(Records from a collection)

· · · · · · ·

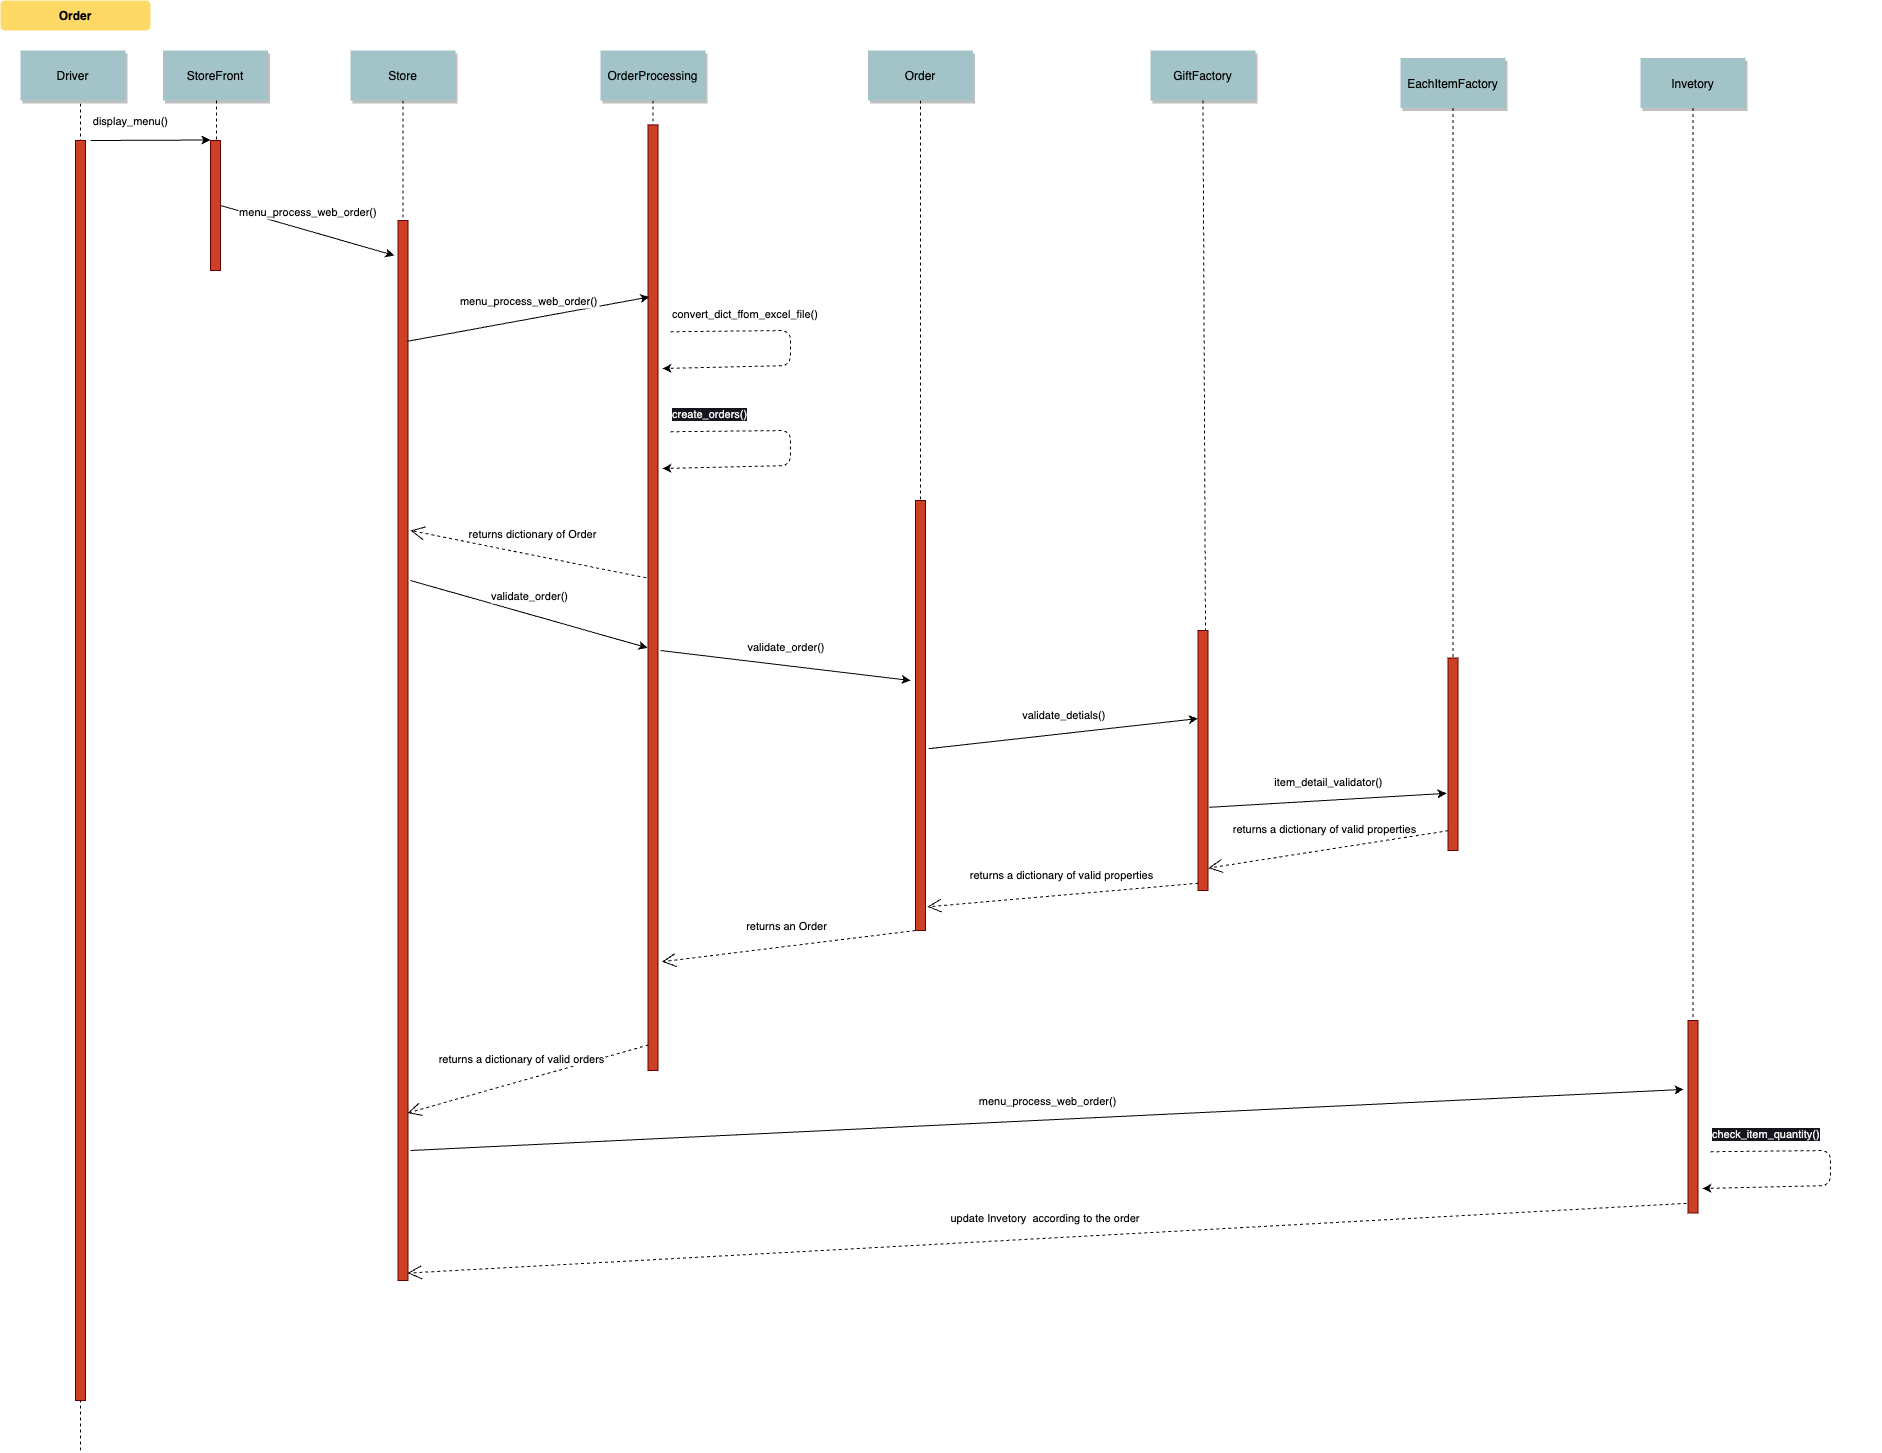

The diagram above was exported from draw.io. Its source (the exported page's mxGraphModel, read from the mxfile embedded in the PNG):
<mxGraphModel dx="3050" dy="1424" grid="1" gridSize="10" guides="1" tooltips="1" connect="1" arrows="1" fold="1" page="0" pageScale="1.5" pageWidth="826" pageHeight="1169" background="none" math="0" shadow="0">
  <root>
    <mxCell id="0" />
    <mxCell id="1" parent="0" />
    <mxCell id="2" value="" style="fillColor=#CC4125;strokeColor=#660000" parent="1" vertex="1">
      <mxGeometry x="200" y="150" width="10" height="130" as="geometry" />
    </mxCell>
    <mxCell id="3" value="display_menu()" style="edgeStyle=none;verticalLabelPosition=top;verticalAlign=bottom;labelPosition=left;align=right" parent="1" edge="1">
      <mxGeometry width="100" height="100" as="geometry">
        <mxPoint x="80" y="150" as="sourcePoint" />
        <mxPoint x="200" y="149.5" as="targetPoint" />
        <mxPoint x="20" y="-10" as="offset" />
      </mxGeometry>
    </mxCell>
    <mxCell id="4" value="StoreFront" style="shadow=1;fillColor=#A2C4C9;strokeColor=none" parent="1" vertex="1">
      <mxGeometry x="152.5" y="60" width="105" height="50" as="geometry" />
    </mxCell>
    <mxCell id="6" value="" style="fillColor=#CC4125;strokeColor=#660000" parent="1" vertex="1">
      <mxGeometry x="387.5" y="230" width="10" height="1060" as="geometry" />
    </mxCell>
    <mxCell id="7" value="Store" style="shadow=1;fillColor=#A2C4C9;strokeColor=none" parent="1" vertex="1">
      <mxGeometry x="340" y="60" width="105" height="50" as="geometry" />
    </mxCell>
    <mxCell id="8" value="" style="edgeStyle=none;endArrow=none;dashed=1" parent="1" source="7" target="6" edge="1">
      <mxGeometry x="272.3350694444445" y="165" width="100" height="100" as="geometry">
        <mxPoint x="347.2588734567901" y="110" as="sourcePoint" />
        <mxPoint x="347.5761959876544" y="165" as="targetPoint" />
      </mxGeometry>
    </mxCell>
    <mxCell id="9" value="menu_process_web_order()" style="edgeStyle=none;verticalLabelPosition=top;verticalAlign=bottom;entryX=-0.369;entryY=0.033;entryDx=0;entryDy=0;exitX=1;exitY=0.5;exitDx=0;exitDy=0;entryPerimeter=0;" parent="1" edge="1" target="6" source="2">
      <mxGeometry width="100" height="100" as="geometry">
        <mxPoint x="210" y="179.5" as="sourcePoint" />
        <mxPoint x="340" y="179.5" as="targetPoint" />
        <mxPoint x="1" y="-9" as="offset" />
      </mxGeometry>
    </mxCell>
    <mxCell id="15" value="OrderProcessing" style="shadow=1;fillColor=#A2C4C9;strokeColor=none" parent="1" vertex="1">
      <mxGeometry x="590.0039506172839" y="59.99999999999997" width="105" height="50" as="geometry" />
    </mxCell>
    <mxCell id="17" value="" style="fillColor=#CC4125;strokeColor=#660000" parent="1" vertex="1">
      <mxGeometry x="637.5" y="134.39" width="10" height="945.61" as="geometry" />
    </mxCell>
    <mxCell id="22" value="Order" style="shadow=1;fillColor=#A2C4C9;strokeColor=none" parent="1" vertex="1">
      <mxGeometry x="857.5" y="60" width="105" height="50" as="geometry" />
    </mxCell>
    <mxCell id="23" value="" style="edgeStyle=none;endArrow=none;dashed=1" parent="1" source="22" target="fhZe1O3UFDGjL_PFgUkp-140" edge="1">
      <mxGeometry x="669.4878472222224" y="174.99999999999997" width="100" height="100" as="geometry">
        <mxPoint x="729.6527777777778" y="110" as="sourcePoint" />
        <mxPoint x="910" y="170" as="targetPoint" />
      </mxGeometry>
    </mxCell>
    <mxCell id="33" value="" style="edgeStyle=elbowEdgeStyle;elbow=horizontal;endArrow=none;dashed=1" parent="1" source="4" target="2" edge="1">
      <mxGeometry x="230.00000000000003" y="310" width="100" height="100" as="geometry">
        <mxPoint x="230.00000000000003" y="410" as="sourcePoint" />
        <mxPoint x="330" y="310" as="targetPoint" />
      </mxGeometry>
    </mxCell>
    <mxCell id="71" value="Order" style="rounded=1;fontStyle=1;fillColor=#FFD966;strokeColor=none" parent="1" vertex="1">
      <mxGeometry x="-10" y="10" width="150" height="30" as="geometry" />
    </mxCell>
    <mxCell id="yvqOxt2Dz3OSjY-nd8dP-89" value="Driver" style="shadow=1;fillColor=#A2C4C9;strokeColor=none" parent="1" vertex="1">
      <mxGeometry x="10" y="60" width="105" height="50" as="geometry" />
    </mxCell>
    <mxCell id="yvqOxt2Dz3OSjY-nd8dP-90" value="" style="endArrow=none;dashed=1;html=1;rounded=0;" parent="1" edge="1">
      <mxGeometry width="50" height="50" relative="1" as="geometry">
        <mxPoint x="70" y="1460" as="sourcePoint" />
        <mxPoint x="70" y="110" as="targetPoint" />
      </mxGeometry>
    </mxCell>
    <mxCell id="yvqOxt2Dz3OSjY-nd8dP-91" value="" style="fillColor=#CC4125;strokeColor=#660000" parent="1" vertex="1">
      <mxGeometry x="65" y="150" width="10" height="1260" as="geometry" />
    </mxCell>
    <mxCell id="fhZe1O3UFDGjL_PFgUkp-97" value="" style="group" vertex="1" connectable="0" parent="1">
      <mxGeometry x="660" y="310" width="170.22000000000003" height="65" as="geometry" />
    </mxCell>
    <mxCell id="fhZe1O3UFDGjL_PFgUkp-98" value="" style="edgeStyle=none;verticalLabelPosition=top;verticalAlign=bottom;dashed=1;entryX=1;entryY=0.25;entryDx=0;entryDy=0;" edge="1" parent="fhZe1O3UFDGjL_PFgUkp-97">
      <mxGeometry x="-352.5" y="-170" width="100" height="100" as="geometry">
        <mxPoint y="31.205632716049365" as="sourcePoint" />
        <mxPoint x="-8" y="68" as="targetPoint" />
        <Array as="points">
          <mxPoint x="120" y="30" />
          <mxPoint x="120" y="65" />
        </Array>
        <mxPoint as="offset" />
      </mxGeometry>
    </mxCell>
    <mxCell id="fhZe1O3UFDGjL_PFgUkp-99" value="&lt;div style=&quot;text-align: center;&quot;&gt;&lt;span style=&quot;background-color: initial; font-size: 11px;&quot;&gt;convert_dict_ffom_excel_file()&lt;/span&gt;&lt;/div&gt;" style="text;whiteSpace=wrap;html=1;" vertex="1" parent="fhZe1O3UFDGjL_PFgUkp-97">
      <mxGeometry width="170.22" height="40" as="geometry" />
    </mxCell>
    <mxCell id="fhZe1O3UFDGjL_PFgUkp-101" value="" style="edgeStyle=none;endArrow=none;dashed=1;exitX=0.5;exitY=1;exitDx=0;exitDy=0;entryX=0.5;entryY=0;entryDx=0;entryDy=0;" edge="1" parent="1" source="15" target="17">
      <mxGeometry x="469.4878472222224" y="194.99999999999997" width="100" height="100" as="geometry">
        <mxPoint x="710" y="130" as="sourcePoint" />
        <mxPoint x="710" y="190" as="targetPoint" />
      </mxGeometry>
    </mxCell>
    <mxCell id="fhZe1O3UFDGjL_PFgUkp-102" value="menu_process_web_order()" style="edgeStyle=none;verticalLabelPosition=top;verticalAlign=bottom;entryX=0.125;entryY=0.182;entryDx=0;entryDy=0;entryPerimeter=0;exitX=0.914;exitY=0.114;exitDx=0;exitDy=0;exitPerimeter=0;" edge="1" parent="1" source="6" target="17">
      <mxGeometry width="100" height="100" as="geometry">
        <mxPoint x="401" y="371" as="sourcePoint" />
        <mxPoint x="612" y="295" as="targetPoint" />
        <mxPoint x="1" y="-9" as="offset" />
      </mxGeometry>
    </mxCell>
    <mxCell id="fhZe1O3UFDGjL_PFgUkp-105" value="validate_order()" style="edgeStyle=none;verticalLabelPosition=top;verticalAlign=bottom;" edge="1" parent="1">
      <mxGeometry x="484" y="263" width="100" height="100" as="geometry">
        <mxPoint x="650" y="660" as="sourcePoint" />
        <mxPoint x="900" y="690" as="targetPoint" />
        <mxPoint x="1" y="-9" as="offset" />
      </mxGeometry>
    </mxCell>
    <mxCell id="fhZe1O3UFDGjL_PFgUkp-106" value="" style="group" vertex="1" connectable="0" parent="1">
      <mxGeometry x="660" y="410" width="170.22000000000003" height="65" as="geometry" />
    </mxCell>
    <mxCell id="fhZe1O3UFDGjL_PFgUkp-107" value="" style="edgeStyle=none;verticalLabelPosition=top;verticalAlign=bottom;dashed=1;entryX=1;entryY=0.25;entryDx=0;entryDy=0;" edge="1" parent="fhZe1O3UFDGjL_PFgUkp-106">
      <mxGeometry x="-352.5" y="-170" width="100" height="100" as="geometry">
        <mxPoint y="31.205632716049365" as="sourcePoint" />
        <mxPoint x="-8" y="68" as="targetPoint" />
        <Array as="points">
          <mxPoint x="120" y="30" />
          <mxPoint x="120" y="65" />
        </Array>
        <mxPoint as="offset" />
      </mxGeometry>
    </mxCell>
    <mxCell id="fhZe1O3UFDGjL_PFgUkp-108" value="&lt;span style=&quot;color: rgb(240, 240, 240); font-family: Helvetica; font-size: 11px; font-style: normal; font-variant-ligatures: normal; font-variant-caps: normal; font-weight: 400; letter-spacing: normal; orphans: 2; text-align: center; text-indent: 0px; text-transform: none; widows: 2; word-spacing: 0px; -webkit-text-stroke-width: 0px; background-color: rgb(24, 20, 29); text-decoration-thickness: initial; text-decoration-style: initial; text-decoration-color: initial; float: none; display: inline !important;&quot;&gt;create_orders()&lt;/span&gt;" style="text;whiteSpace=wrap;html=1;" vertex="1" parent="fhZe1O3UFDGjL_PFgUkp-106">
      <mxGeometry width="170.22" height="40" as="geometry" />
    </mxCell>
    <mxCell id="fhZe1O3UFDGjL_PFgUkp-112" value="returns dictionary of Order" style="endArrow=open;endSize=12;dashed=1;html=1;rounded=0;exitX=-0.189;exitY=0.479;exitDx=0;exitDy=0;exitPerimeter=0;" edge="1" parent="1" source="17">
      <mxGeometry x="-0.0013" y="-20" width="160" relative="1" as="geometry">
        <mxPoint x="630" y="680" as="sourcePoint" />
        <mxPoint x="400" y="540" as="targetPoint" />
        <mxPoint as="offset" />
        <Array as="points" />
      </mxGeometry>
    </mxCell>
    <mxCell id="fhZe1O3UFDGjL_PFgUkp-114" value="validate_order()" style="edgeStyle=none;verticalLabelPosition=top;verticalAlign=bottom;entryX=-0.05;entryY=0.553;entryDx=0;entryDy=0;entryPerimeter=0;" edge="1" parent="1" target="17">
      <mxGeometry x="290.5" y="325" width="100" height="100" as="geometry">
        <mxPoint x="400" y="590" as="sourcePoint" />
        <mxPoint x="637" y="700" as="targetPoint" />
        <mxPoint x="1" y="-9" as="offset" />
      </mxGeometry>
    </mxCell>
    <mxCell id="fhZe1O3UFDGjL_PFgUkp-116" value="returns an Order" style="endArrow=open;endSize=12;dashed=1;html=1;rounded=0;exitX=0;exitY=1;exitDx=0;exitDy=0;entryX=1.389;entryY=0.885;entryDx=0;entryDy=0;entryPerimeter=0;" edge="1" parent="1" source="fhZe1O3UFDGjL_PFgUkp-140" target="17">
      <mxGeometry y="-20" width="160" relative="1" as="geometry">
        <mxPoint x="904.8600000000001" y="833.6799999999998" as="sourcePoint" />
        <mxPoint x="500" y="1018" as="targetPoint" />
        <mxPoint as="offset" />
        <Array as="points" />
      </mxGeometry>
    </mxCell>
    <mxCell id="fhZe1O3UFDGjL_PFgUkp-128" value="validate_detials()" style="edgeStyle=none;verticalLabelPosition=top;verticalAlign=bottom;exitX=1.325;exitY=0.865;exitDx=0;exitDy=0;exitPerimeter=0;entryX=-0.016;entryY=0.872;entryDx=0;entryDy=0;entryPerimeter=0;" edge="1" parent="1">
      <mxGeometry width="100" height="100" as="geometry">
        <mxPoint x="918.25" y="758.2000000000003" as="sourcePoint" />
        <mxPoint x="1187.3400000000001" y="728.0799999999999" as="targetPoint" />
        <mxPoint x="1" y="-9" as="offset" />
      </mxGeometry>
    </mxCell>
    <mxCell id="fhZe1O3UFDGjL_PFgUkp-130" value="" style="fillColor=#CC4125;strokeColor=#660000" vertex="1" parent="1">
      <mxGeometry x="1437.5" y="667.5" width="10" height="192.5" as="geometry" />
    </mxCell>
    <mxCell id="fhZe1O3UFDGjL_PFgUkp-131" value="EachItemFactory" style="shadow=1;fillColor=#A2C4C9;strokeColor=none" vertex="1" parent="1">
      <mxGeometry x="1390" y="67.5" width="105" height="50" as="geometry" />
    </mxCell>
    <mxCell id="fhZe1O3UFDGjL_PFgUkp-132" value="" style="edgeStyle=none;endArrow=none;dashed=1;exitX=0.5;exitY=1;exitDx=0;exitDy=0;entryX=0.5;entryY=0;entryDx=0;entryDy=0;" edge="1" parent="1" source="fhZe1O3UFDGjL_PFgUkp-131" target="fhZe1O3UFDGjL_PFgUkp-130">
      <mxGeometry x="1201.5378472222224" y="202.49999999999997" width="100" height="100" as="geometry">
        <mxPoint x="1442.05" y="137.5" as="sourcePoint" />
        <mxPoint x="1440" y="157.5" as="targetPoint" />
      </mxGeometry>
    </mxCell>
    <mxCell id="fhZe1O3UFDGjL_PFgUkp-122" value="GiftFactory" style="shadow=1;fillColor=#A2C4C9;strokeColor=none" vertex="1" parent="1">
      <mxGeometry x="1140" y="60" width="105" height="50" as="geometry" />
    </mxCell>
    <mxCell id="fhZe1O3UFDGjL_PFgUkp-125" value="" style="edgeStyle=none;endArrow=none;dashed=1;exitX=0.5;exitY=1;exitDx=0;exitDy=0;entryX=0.75;entryY=0;entryDx=0;entryDy=0;" edge="1" parent="1" source="fhZe1O3UFDGjL_PFgUkp-122" target="fhZe1O3UFDGjL_PFgUkp-139">
      <mxGeometry x="951.5378472222224" y="194.99999999999997" width="100" height="100" as="geometry">
        <mxPoint x="1192.05" y="130" as="sourcePoint" />
        <mxPoint x="1192.5" y="170" as="targetPoint" />
      </mxGeometry>
    </mxCell>
    <mxCell id="fhZe1O3UFDGjL_PFgUkp-139" value="" style="fillColor=#CC4125;strokeColor=#660000" vertex="1" parent="1">
      <mxGeometry x="1187.5" y="640" width="10" height="260" as="geometry" />
    </mxCell>
    <mxCell id="fhZe1O3UFDGjL_PFgUkp-140" value="" style="fillColor=#CC4125;strokeColor=#660000" vertex="1" parent="1">
      <mxGeometry x="905" y="510" width="10" height="430" as="geometry" />
    </mxCell>
    <mxCell id="fhZe1O3UFDGjL_PFgUkp-141" value="item_detail_validator()" style="edgeStyle=none;verticalLabelPosition=top;verticalAlign=bottom;exitX=1.125;exitY=0.68;exitDx=0;exitDy=0;entryX=-0.148;entryY=0.703;entryDx=0;entryDy=0;entryPerimeter=0;exitPerimeter=0;" edge="1" parent="1" source="fhZe1O3UFDGjL_PFgUkp-139" target="fhZe1O3UFDGjL_PFgUkp-130">
      <mxGeometry x="200.16" y="131.92000000000002" width="100" height="100" as="geometry">
        <mxPoint x="1118.41" y="890.1200000000002" as="sourcePoint" />
        <mxPoint x="1387.5000000000002" y="859.9999999999999" as="targetPoint" />
        <mxPoint x="1" y="-9" as="offset" />
      </mxGeometry>
    </mxCell>
    <mxCell id="fhZe1O3UFDGjL_PFgUkp-142" value="returns a dictionary of valid properties" style="endArrow=open;endSize=12;dashed=1;html=1;rounded=0;exitX=0.034;exitY=0.897;exitDx=0;exitDy=0;exitPerimeter=0;entryX=1.034;entryY=0.914;entryDx=0;entryDy=0;entryPerimeter=0;" edge="1" parent="1" source="fhZe1O3UFDGjL_PFgUkp-130" target="fhZe1O3UFDGjL_PFgUkp-139">
      <mxGeometry y="-20" width="160" relative="1" as="geometry">
        <mxPoint x="1390" y="976.6799999999998" as="sourcePoint" />
        <mxPoint x="1134.1399999999999" y="920" as="targetPoint" />
        <mxPoint as="offset" />
        <Array as="points" />
      </mxGeometry>
    </mxCell>
    <mxCell id="fhZe1O3UFDGjL_PFgUkp-143" value="returns a dictionary of valid properties" style="endArrow=open;endSize=12;dashed=1;html=1;rounded=0;exitX=0.034;exitY=0.972;exitDx=0;exitDy=0;exitPerimeter=0;entryX=1.193;entryY=0.945;entryDx=0;entryDy=0;entryPerimeter=0;" edge="1" parent="1" source="fhZe1O3UFDGjL_PFgUkp-139" target="fhZe1O3UFDGjL_PFgUkp-140">
      <mxGeometry y="-20" width="160" relative="1" as="geometry">
        <mxPoint x="1150" y="900" as="sourcePoint" />
        <mxPoint x="960" y="920" as="targetPoint" />
        <mxPoint as="offset" />
        <Array as="points" />
      </mxGeometry>
    </mxCell>
    <mxCell id="fhZe1O3UFDGjL_PFgUkp-144" value="" style="fillColor=#CC4125;strokeColor=#660000" vertex="1" parent="1">
      <mxGeometry x="1677.5" y="1030" width="10" height="192.5" as="geometry" />
    </mxCell>
    <mxCell id="fhZe1O3UFDGjL_PFgUkp-145" value="Invetory" style="shadow=1;fillColor=#A2C4C9;strokeColor=none" vertex="1" parent="1">
      <mxGeometry x="1630" y="67.5" width="105" height="50" as="geometry" />
    </mxCell>
    <mxCell id="fhZe1O3UFDGjL_PFgUkp-146" value="" style="edgeStyle=none;endArrow=none;dashed=1;exitX=0.5;exitY=1;exitDx=0;exitDy=0;entryX=0.5;entryY=0;entryDx=0;entryDy=0;" edge="1" parent="1" source="fhZe1O3UFDGjL_PFgUkp-145" target="fhZe1O3UFDGjL_PFgUkp-144">
      <mxGeometry x="1441.5378472222224" y="202.49999999999997" width="100" height="100" as="geometry">
        <mxPoint x="1682.05" y="137.5" as="sourcePoint" />
        <mxPoint x="1680" y="157.5" as="targetPoint" />
      </mxGeometry>
    </mxCell>
    <mxCell id="fhZe1O3UFDGjL_PFgUkp-147" value="returns a dictionary of valid orders" style="endArrow=open;endSize=12;dashed=1;html=1;rounded=0;exitX=0.055;exitY=0.973;exitDx=0;exitDy=0;entryX=0.954;entryY=0.842;entryDx=0;entryDy=0;entryPerimeter=0;exitPerimeter=0;" edge="1" parent="1" source="17" target="6">
      <mxGeometry y="-20" width="160" relative="1" as="geometry">
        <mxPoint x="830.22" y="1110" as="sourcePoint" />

· · · · · · ·

What you have to do. The answer must be a single number: how many lines of the data include the string "span".

Your solution. 2